__EXERCISE INSTRUCTIONS__: From the line that contains "#129=DIRECTION('',(0.,0.,-1.));" to the final line of the entries below, write out every line exactly as it appears, and nothing else.

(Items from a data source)
────────
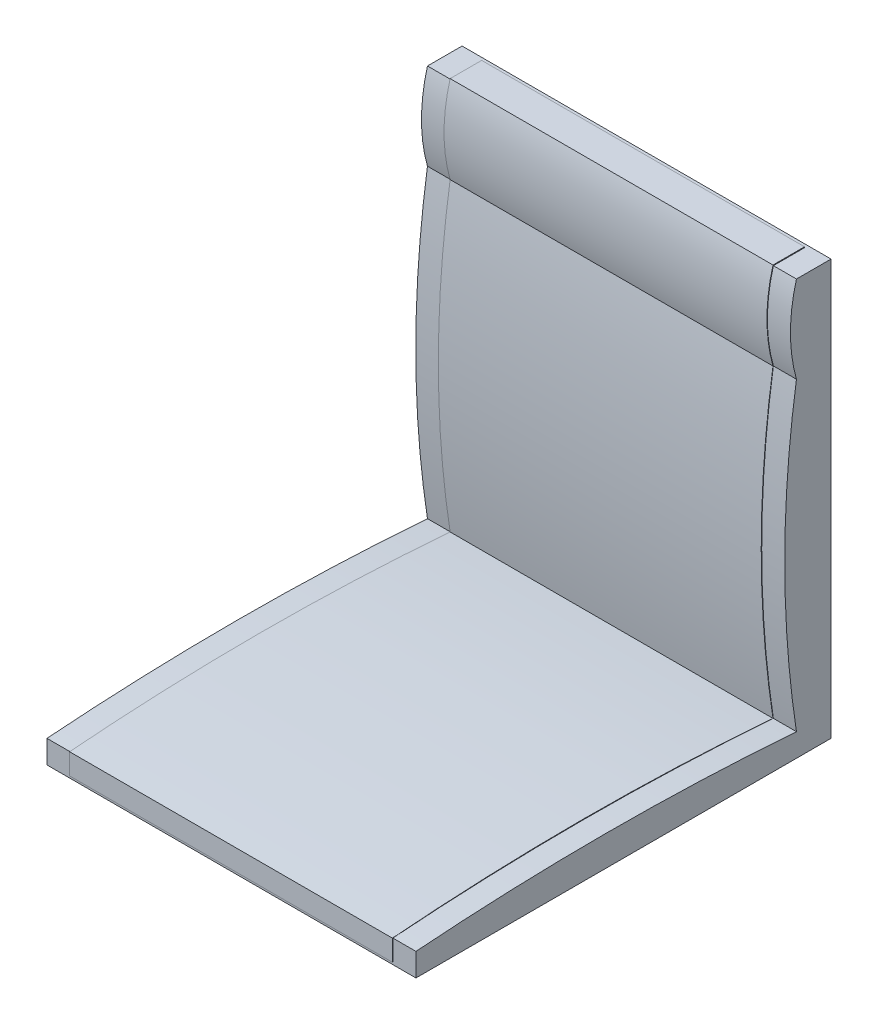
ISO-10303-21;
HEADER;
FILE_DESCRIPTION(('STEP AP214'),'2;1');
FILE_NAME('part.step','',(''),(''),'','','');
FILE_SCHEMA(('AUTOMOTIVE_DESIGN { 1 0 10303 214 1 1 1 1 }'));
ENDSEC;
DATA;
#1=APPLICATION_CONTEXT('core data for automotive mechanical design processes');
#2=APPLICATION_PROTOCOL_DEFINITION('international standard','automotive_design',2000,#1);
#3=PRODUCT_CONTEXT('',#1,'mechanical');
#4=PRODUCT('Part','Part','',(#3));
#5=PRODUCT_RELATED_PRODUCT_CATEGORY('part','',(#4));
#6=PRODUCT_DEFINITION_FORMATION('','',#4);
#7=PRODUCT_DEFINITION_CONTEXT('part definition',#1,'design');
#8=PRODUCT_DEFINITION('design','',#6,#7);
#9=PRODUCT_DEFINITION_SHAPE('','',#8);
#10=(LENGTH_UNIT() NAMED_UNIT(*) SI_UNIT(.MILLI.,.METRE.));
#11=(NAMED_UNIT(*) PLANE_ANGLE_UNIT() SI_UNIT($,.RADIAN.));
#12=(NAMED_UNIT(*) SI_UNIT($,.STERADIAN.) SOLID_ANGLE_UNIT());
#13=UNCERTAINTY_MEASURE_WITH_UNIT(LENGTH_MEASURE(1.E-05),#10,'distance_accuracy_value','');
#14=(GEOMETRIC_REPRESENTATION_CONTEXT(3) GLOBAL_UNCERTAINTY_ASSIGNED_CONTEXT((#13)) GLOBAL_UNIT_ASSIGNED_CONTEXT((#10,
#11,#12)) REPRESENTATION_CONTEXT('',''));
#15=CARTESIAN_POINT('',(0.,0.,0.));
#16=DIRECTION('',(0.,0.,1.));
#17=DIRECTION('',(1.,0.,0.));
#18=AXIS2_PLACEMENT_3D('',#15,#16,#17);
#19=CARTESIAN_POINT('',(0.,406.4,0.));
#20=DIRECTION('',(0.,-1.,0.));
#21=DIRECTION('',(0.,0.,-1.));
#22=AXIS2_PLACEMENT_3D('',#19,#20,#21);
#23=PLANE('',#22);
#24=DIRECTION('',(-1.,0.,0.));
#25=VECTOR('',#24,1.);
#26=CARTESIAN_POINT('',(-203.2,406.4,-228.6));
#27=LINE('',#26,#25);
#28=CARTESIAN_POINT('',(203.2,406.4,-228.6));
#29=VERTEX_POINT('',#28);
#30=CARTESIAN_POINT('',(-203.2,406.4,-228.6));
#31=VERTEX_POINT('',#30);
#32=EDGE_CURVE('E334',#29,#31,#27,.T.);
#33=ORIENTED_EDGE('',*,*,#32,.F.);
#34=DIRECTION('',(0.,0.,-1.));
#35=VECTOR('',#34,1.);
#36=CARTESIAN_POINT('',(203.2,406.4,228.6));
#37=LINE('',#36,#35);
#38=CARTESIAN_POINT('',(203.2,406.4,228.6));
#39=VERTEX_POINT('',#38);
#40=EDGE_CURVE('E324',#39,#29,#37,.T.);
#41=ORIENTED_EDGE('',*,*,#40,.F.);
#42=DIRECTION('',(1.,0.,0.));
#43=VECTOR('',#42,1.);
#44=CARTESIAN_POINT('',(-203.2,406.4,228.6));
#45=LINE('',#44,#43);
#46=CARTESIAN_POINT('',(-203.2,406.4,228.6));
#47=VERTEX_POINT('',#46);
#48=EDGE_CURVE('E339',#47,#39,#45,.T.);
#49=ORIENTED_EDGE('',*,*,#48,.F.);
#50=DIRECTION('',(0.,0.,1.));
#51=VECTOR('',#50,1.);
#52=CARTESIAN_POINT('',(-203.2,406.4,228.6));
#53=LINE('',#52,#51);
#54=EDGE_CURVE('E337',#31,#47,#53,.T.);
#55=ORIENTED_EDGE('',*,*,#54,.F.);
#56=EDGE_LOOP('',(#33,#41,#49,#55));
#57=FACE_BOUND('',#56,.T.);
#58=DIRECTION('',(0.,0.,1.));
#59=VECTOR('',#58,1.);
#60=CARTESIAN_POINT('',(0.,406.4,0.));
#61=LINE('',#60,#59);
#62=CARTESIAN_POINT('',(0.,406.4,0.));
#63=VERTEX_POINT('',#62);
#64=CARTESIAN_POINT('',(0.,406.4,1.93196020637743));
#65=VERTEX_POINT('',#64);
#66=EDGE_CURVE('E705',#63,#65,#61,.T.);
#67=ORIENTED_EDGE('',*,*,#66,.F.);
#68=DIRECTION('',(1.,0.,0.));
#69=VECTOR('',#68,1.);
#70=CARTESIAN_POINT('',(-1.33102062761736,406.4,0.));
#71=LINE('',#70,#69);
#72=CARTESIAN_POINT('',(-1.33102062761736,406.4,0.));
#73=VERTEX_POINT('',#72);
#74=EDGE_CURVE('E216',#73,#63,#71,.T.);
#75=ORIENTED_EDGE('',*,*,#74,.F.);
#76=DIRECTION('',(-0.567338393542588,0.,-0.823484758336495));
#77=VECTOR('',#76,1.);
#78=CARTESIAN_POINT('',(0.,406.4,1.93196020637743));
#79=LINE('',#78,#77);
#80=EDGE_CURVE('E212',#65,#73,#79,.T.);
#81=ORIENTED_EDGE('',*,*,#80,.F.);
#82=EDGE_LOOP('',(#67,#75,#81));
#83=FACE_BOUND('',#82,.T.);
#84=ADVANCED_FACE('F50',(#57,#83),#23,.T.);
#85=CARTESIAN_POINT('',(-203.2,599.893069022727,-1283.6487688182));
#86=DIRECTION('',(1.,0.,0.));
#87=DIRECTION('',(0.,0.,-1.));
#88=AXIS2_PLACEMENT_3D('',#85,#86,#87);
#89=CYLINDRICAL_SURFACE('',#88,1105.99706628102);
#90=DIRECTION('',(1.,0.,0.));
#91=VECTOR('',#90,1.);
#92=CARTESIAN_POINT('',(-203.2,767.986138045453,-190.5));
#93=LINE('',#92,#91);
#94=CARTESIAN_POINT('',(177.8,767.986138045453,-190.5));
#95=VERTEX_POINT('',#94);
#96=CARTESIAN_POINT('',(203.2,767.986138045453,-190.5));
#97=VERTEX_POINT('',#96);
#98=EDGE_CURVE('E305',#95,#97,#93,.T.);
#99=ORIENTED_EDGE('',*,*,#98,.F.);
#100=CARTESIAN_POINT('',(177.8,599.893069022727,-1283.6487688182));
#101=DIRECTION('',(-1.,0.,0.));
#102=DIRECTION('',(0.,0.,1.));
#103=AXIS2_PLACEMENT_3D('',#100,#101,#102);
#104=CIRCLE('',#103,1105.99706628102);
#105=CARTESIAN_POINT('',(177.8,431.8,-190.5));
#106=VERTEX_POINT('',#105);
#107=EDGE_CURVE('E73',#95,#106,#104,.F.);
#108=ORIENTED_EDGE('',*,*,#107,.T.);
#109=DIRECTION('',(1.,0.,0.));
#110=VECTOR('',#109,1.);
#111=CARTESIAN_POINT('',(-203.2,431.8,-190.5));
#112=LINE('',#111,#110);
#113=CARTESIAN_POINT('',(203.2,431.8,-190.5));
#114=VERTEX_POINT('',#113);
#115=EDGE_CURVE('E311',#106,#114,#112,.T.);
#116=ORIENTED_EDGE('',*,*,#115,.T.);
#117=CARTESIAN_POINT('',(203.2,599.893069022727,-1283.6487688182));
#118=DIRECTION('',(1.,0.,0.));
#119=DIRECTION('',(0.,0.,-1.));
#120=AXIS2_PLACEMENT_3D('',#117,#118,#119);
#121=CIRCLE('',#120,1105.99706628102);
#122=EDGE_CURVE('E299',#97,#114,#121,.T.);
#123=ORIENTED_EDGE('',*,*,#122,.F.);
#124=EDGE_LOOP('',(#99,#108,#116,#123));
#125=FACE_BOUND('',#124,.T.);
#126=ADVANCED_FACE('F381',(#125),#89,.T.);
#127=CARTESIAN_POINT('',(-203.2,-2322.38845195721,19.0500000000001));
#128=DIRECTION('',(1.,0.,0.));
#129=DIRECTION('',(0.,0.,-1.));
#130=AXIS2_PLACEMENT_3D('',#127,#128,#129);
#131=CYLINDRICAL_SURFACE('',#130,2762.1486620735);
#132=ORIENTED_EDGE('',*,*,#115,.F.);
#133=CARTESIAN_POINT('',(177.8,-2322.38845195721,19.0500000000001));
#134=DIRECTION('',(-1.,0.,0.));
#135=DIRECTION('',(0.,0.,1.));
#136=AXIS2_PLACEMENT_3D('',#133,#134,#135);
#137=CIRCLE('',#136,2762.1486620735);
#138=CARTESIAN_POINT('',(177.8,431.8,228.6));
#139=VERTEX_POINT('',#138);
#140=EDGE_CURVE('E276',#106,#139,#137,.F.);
────────
__WRITTEN SOLUTION__:
#129=DIRECTION('',(0.,0.,-1.));
#130=AXIS2_PLACEMENT_3D('',#127,#128,#129);
#131=CYLINDRICAL_SURFACE('',#130,2762.1486620735);
#132=ORIENTED_EDGE('',*,*,#115,.F.);
#133=CARTESIAN_POINT('',(177.8,-2322.38845195721,19.0500000000001));
#134=DIRECTION('',(-1.,0.,0.));
#135=DIRECTION('',(0.,0.,1.));
#136=AXIS2_PLACEMENT_3D('',#133,#134,#135);
#137=CIRCLE('',#136,2762.1486620735);
#138=CARTESIAN_POINT('',(177.8,431.8,228.6));
#139=VERTEX_POINT('',#138);
#140=EDGE_CURVE('E276',#106,#139,#137,.F.);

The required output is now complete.